Embora as Filipinas tivessem desfrutado de independência parcial desde 1907, o quartel-general da Frota do Pacífico da Marinha dos EUA, chefiada por Douglas MacArthur, estava localizado em Corregidor, na baía de Manila. Mais de 800 mil norte-americanos viviam no país.
Em 26 de dezembro de 1941, MacArthur declarou Manila uma “cidade aberta” para evitar um massacre e retirou-se. No dia 2 de janeiro, entraram os japoneses. Os dois conventos recoletos de Manila (Intramuros e São Sebastião) tornam-se lar e refúgio para religiosos de nacionalidades de países em guerra, tentando tirar proveito da situação de neutralidade da Espanha.
Nos três anos seguintes, os frades mal conseguiram exercer o ministério. O exército japonês assumiu a parte de Intramuros destinada ao provincial, então Martim se muda para São Sebastião. Isso, no final, salvou sua vida.

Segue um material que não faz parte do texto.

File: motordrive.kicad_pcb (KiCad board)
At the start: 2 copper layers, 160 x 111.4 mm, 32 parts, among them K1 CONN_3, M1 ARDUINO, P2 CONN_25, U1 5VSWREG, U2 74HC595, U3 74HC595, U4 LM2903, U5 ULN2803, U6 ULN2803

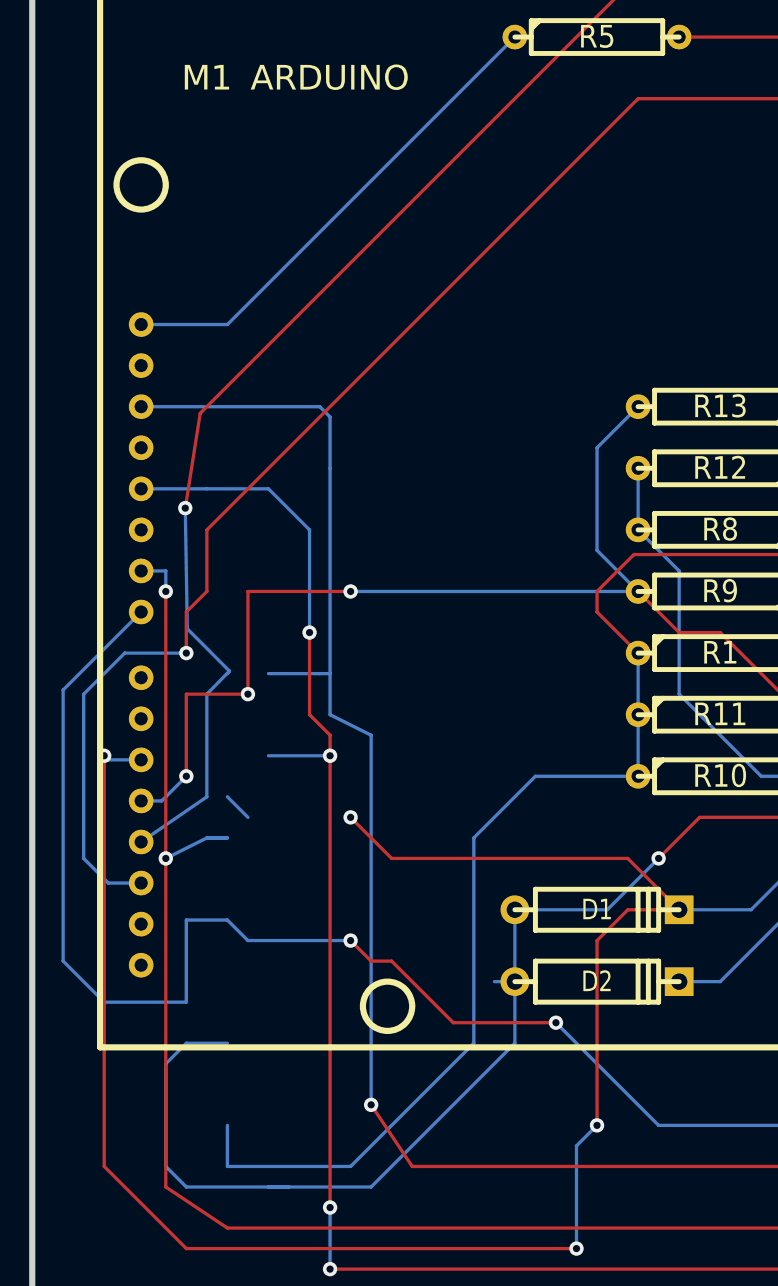
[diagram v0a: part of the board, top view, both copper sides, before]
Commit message: Tidied .brd and saved, no other changes
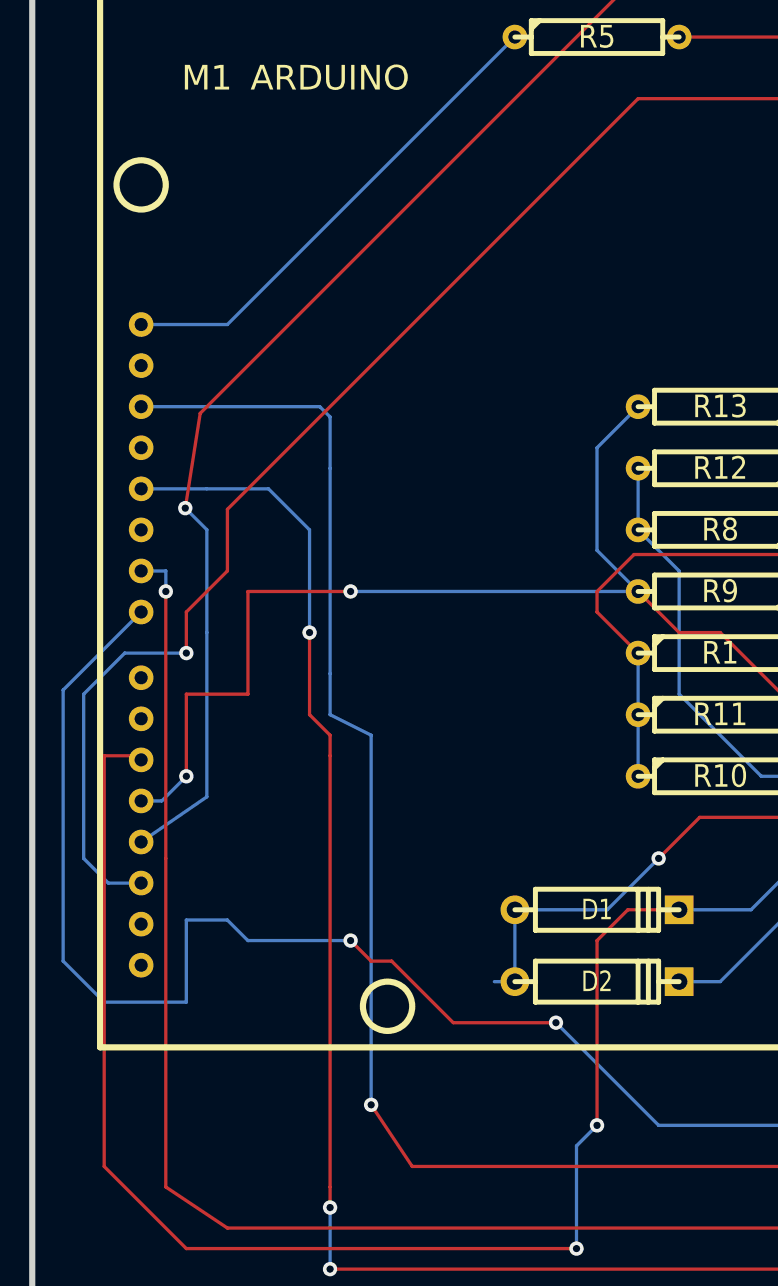
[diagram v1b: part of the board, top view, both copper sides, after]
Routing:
- net +5V: track 253.0 -> 207.6 mm
- net GND: track 302.6 -> 261.0 mm
- net N-0000037: track 147.8 -> 123.3 mm, vias 4 -> 2
- net N-0000018: track 167.7 -> 162.3 mm, vias 3 -> 2
- net N-0000049: track 150.6 -> 146.8 mm, vias 4 -> 3
- net N-0000023: track 184.2 -> 180.4 mm
- net N-000004: track 166.7 -> 165.4 mm
- net N-0000047: vias 4 -> 3

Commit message: Actually commit all - new ratsnest too
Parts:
- removed M1: ARDUINO, Arduino_rev
- removed R1: n/f, R4
- removed U2, U3: 74HC595, DIP-16__300
- added J1: TI_CONN_LAUNCHPAD, Conn_Launch_Pad, F.Cu at (21.6, 127.0)
- moved R5 86.0 mm to (158.8, 76.2)
- moved D2 66.7 mm to (99.1, 53.3), turned to 180 degrees
- moved D1 60.3 mm to (99.1, 55.9), turned to 180 degrees
- moved R10 54.7 mm to (86.4, 48.3)
- moved R11 48.4 mm to (86.4, 50.8)
- moved R9 43.9 mm to (99.1, 50.8)
- moved R8 42.7 mm to (99.1, 48.3)
- moved R12 41.5 mm to (99.1, 45.7)
- moved R13 40.4 mm to (99.1, 43.2)
- moved C2 37.7 mm to (163.8, 97.8)
- moved F1 23.4 mm to (130.8, 55.9), turned to 180 degrees
- moved C1 18.9 mm to (167.6, 97.8)
- moved U6 18.1 mm to (146.1, 62.2), turned to 0 degrees
- moved U5 17.4 mm to (119.4, 62.2), turned to 0 degrees
- moved R7 14.1 mm to (175.3, 82.5), turned to 0 degrees
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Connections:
- R5 pad 1: N-0000024 (its old number) -> (no net)
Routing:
- net GND: track 261.0 -> 45.1 mm, vias 5 -> 2
- net +5V: track 207.6 -> 0.00 mm, vias 2 -> 0
- net N-0000078: track 195.3 -> 0.00 mm, vias 3 -> 0
- net N-0000023: track 180.4 -> 0.00 mm, vias 3 -> 0
- net N-0000034 (its old number): track 174.7 -> 0.00 mm, vias 4 -> 0
- net N-0000030: track 165.4 -> 0.00 mm, vias 2 -> 0
- net N-0000018: track 162.3 -> 0.00 mm, vias 2 -> 0
- net N-0000049 (its old number): track 146.8 -> 0.00 mm, vias 3 -> 0
- net N-00000102: track 123.3 -> 0.00 mm, vias 2 -> 0
- net N-0000031: track 104.7 -> 0.00 mm, vias 1 -> 0
- net +24V: track 165.4 -> 63.8 mm, vias 2 -> 0
- net /640mV: track 97.7 -> 0.00 mm
- net N-0000015: track 95.7 -> 0.00 mm
- net N-0000044: track 92.9 -> 0.00 mm, vias 3 -> 0
- net N-0000096: track 79.4 -> 0.00 mm
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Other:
- board size 160 x 111.4 mm -> 286.4 x 163.2 mm

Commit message: Some routing
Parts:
- moved R12 94.5 mm to (43.2, 121.9), turned to 0 degrees
- moved R10 85.2 mm to (57.1, 128.3), turned to 180 degrees
- moved R8 84.7 mm to (57.1, 121.9)
- moved D1 80.4 mm to (57.1, 124.5)
- moved R13 80.0 mm to (85.1, 121.9)
- moved R11 79.0 mm to (71.1, 128.3)
- moved R9 76.4 mm to (71.1, 121.9), turned to 0 degrees
- moved D2 76.4 mm to (71.1, 124.5), turned to 0 degrees
- moved F1 33.0 mm to (97.8, 57.1), turned to 90 degrees
- moved U5 7.73 mm to (111.8, 63.5)
- moved U6 2.84 mm to (143.5, 63.5)
- moved C3 1.27 mm to (174.0, 86.4)
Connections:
- D2 pad 2: N-0000044 (its old number) -> N-0000057
- J1 pad 39: (no net) -> N-0000056
- J1 pad 40: (no net) -> N-0000029
- J1 pad 48: (no net) -> N-0000057
- J1 pad 57: N-0000044 (its old number) -> (no net)
- R11 pad 2: N-0000044 (its old number) -> N-0000057
- R13 pad 2: N-0000044 (its old number) -> N-0000057
- R2 pad 2: N-0000078 -> N-0000056
- R3 pad 2: N-0000030 -> N-0000029
- R5 pad 1: (no net) -> +5V
- R9 pad 2: N-0000044 (its old number) -> N-0000057
- U4 pad 1: N-0000030 -> N-0000029
- U4 pad 7: N-0000078 -> N-0000056
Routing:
- net N-0000097: track 0.00 -> 162.4 mm
- net GNDA: track 107.8 -> 8.23 mm, vias 1 -> 0
- net N-0000042: track 63.6 -> 0.00 mm
- net N-00000105: track 0.00 -> 50.4 mm
- net N-0000098: track 0.00 -> 45.3 mm
- net GND: track 45.1 -> 0.00 mm, vias 2 -> 1
- net N-000009: track 0.00 -> 38.3 mm
- net N-00000101: track 33.0 -> 0.00 mm
- net N-0000099: track 0.00 -> 29.9 mm
- net N-0000024: track 0.00 -> 15.1 mm
- net N-0000093: track 0.00 -> 14.6 mm
- net N-0000040: track 0.00 -> 13.5 mm
- net N-0000010: track 0.00 -> 13.3 mm
- net N-00000102: track 0.00 -> 13.0 mm
- net N-00000108: track 0.00 -> 6.67 mm
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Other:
- board size 286.4 x 163.2 mm -> 160.7 x 100.3 mm

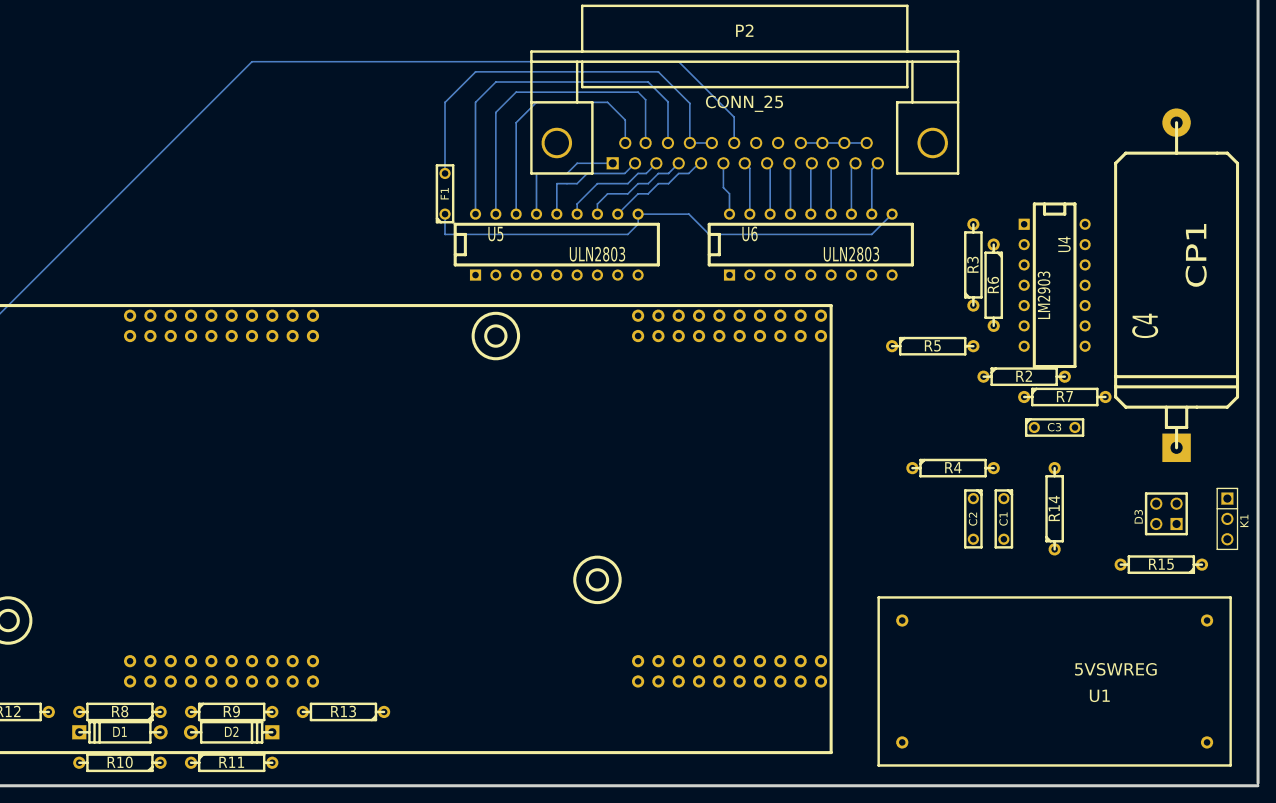
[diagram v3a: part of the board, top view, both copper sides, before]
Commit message: Finished Initial routing og PCB
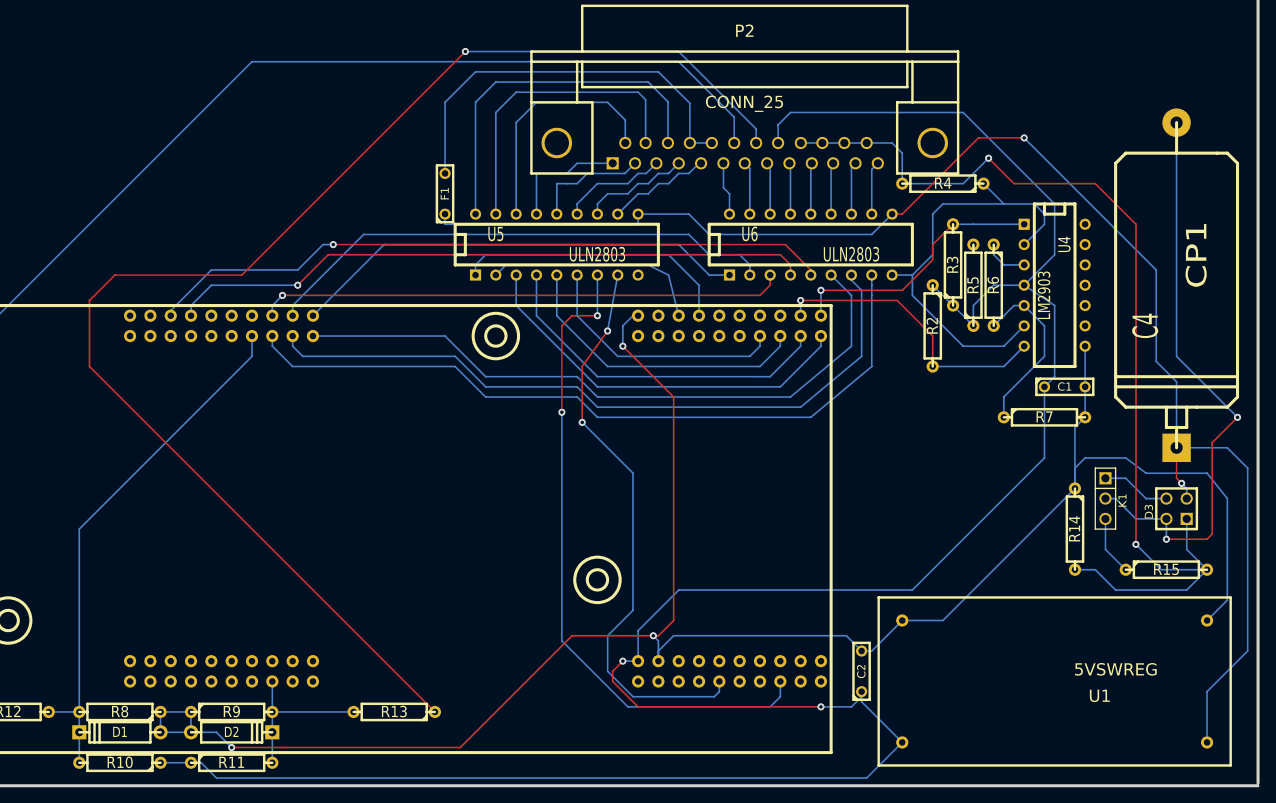
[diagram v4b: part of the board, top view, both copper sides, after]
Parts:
- removed C3: C, C2
- moved R4 35.6 mm to (160.0, 55.9), turned to 180 degrees
- moved C2 23.6 mm to (149.9, 116.8), turned to 90 degrees
- moved C1 18.2 mm to (175.3, 81.3), turned to 0 degrees
- moved K1 15.5 mm to (180.3, 95.2)
- moved R2 13.1 mm to (158.8, 73.7), turned to 270 degrees
- moved R5 9.16 mm to (163.8, 68.6), turned to 90 degrees
- moved R13 6.35 mm to (91.4, 121.9)
- moved R14 3.59 mm to (176.5, 99.1), turned to 270 degrees
- moved R7 3.59 mm to (172.7, 85.1)
- moved R3 2.54 mm to (161.3, 66.0)
- moved D3 1.42 mm to (189.2, 96.5)
- moved R15 0.90 mm to (188.0, 104.1), turned to 0 degrees
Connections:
- J1 pad 11: N-0000025 (its old number) -> +5V
- U1 pad 3: N-0000025 (its old number) -> +5V
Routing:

Como já havia estudado as matérias antes da ocupação, frei Martim recebeu em 27 de julho de 1942 o Bacharelado em Pedagogia. Por um tempo, ele foi obrigado a estudar japonês por imposição dos invasores para ensinar sua língua em todos os centros educacionais. Para evitar qualquer conivência, os recoletos fecharam a escola de São Sebastião e libertaram frei Martim dessa obrigação.
No entanto, tudo isso afetou sua saúde. Além disso, surgiram enormes tensões entre o superior provincial e alguns insatisfeitos com suas decisões em circunstâncias tão dramáticas e total falta de comunicação com o exterior.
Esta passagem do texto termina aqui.